Note how many lines of the data below hold the word "circle", then give that number with no other text.
━━━ DATA TO PROCESS ━━━
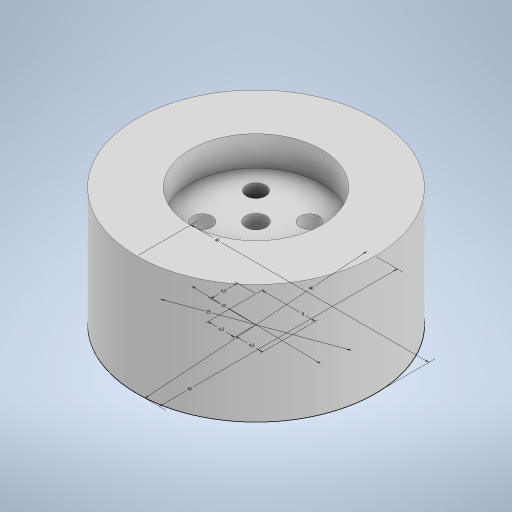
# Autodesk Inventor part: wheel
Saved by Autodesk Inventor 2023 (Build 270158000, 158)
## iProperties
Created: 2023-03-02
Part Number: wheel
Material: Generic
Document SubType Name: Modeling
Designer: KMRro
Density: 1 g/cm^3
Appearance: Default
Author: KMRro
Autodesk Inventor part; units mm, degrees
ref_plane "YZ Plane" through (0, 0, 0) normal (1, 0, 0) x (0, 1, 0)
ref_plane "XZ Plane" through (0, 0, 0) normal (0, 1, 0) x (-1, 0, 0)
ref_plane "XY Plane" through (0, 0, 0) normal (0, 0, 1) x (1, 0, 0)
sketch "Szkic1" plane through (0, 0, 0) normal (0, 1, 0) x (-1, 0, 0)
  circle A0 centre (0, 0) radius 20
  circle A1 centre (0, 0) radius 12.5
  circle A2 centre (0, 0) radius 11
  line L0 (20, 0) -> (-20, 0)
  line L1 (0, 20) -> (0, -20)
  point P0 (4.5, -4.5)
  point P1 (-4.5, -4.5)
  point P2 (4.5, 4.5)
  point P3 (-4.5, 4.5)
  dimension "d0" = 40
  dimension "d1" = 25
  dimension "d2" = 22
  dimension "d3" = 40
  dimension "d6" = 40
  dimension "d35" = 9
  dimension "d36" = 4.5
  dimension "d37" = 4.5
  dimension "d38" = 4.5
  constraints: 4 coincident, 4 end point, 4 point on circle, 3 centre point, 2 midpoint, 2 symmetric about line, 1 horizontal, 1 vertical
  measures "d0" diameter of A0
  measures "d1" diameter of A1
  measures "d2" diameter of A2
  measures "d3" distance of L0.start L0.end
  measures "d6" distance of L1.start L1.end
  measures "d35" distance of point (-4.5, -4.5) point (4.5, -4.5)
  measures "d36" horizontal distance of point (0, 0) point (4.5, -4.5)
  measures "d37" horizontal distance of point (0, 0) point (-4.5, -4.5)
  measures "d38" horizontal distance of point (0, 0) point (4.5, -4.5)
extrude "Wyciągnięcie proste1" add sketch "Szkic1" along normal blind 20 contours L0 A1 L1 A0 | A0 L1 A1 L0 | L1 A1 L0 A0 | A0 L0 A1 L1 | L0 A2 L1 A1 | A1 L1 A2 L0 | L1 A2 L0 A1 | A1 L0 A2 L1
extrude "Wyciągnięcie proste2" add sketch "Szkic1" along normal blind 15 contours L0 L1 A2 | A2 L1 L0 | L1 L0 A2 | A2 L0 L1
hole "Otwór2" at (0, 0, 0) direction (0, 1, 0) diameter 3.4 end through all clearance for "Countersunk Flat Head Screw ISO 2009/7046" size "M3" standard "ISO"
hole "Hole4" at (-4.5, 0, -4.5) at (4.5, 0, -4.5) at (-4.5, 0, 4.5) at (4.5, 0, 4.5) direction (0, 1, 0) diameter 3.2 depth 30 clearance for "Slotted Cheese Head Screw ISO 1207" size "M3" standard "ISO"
━━━
**ANSWER**
4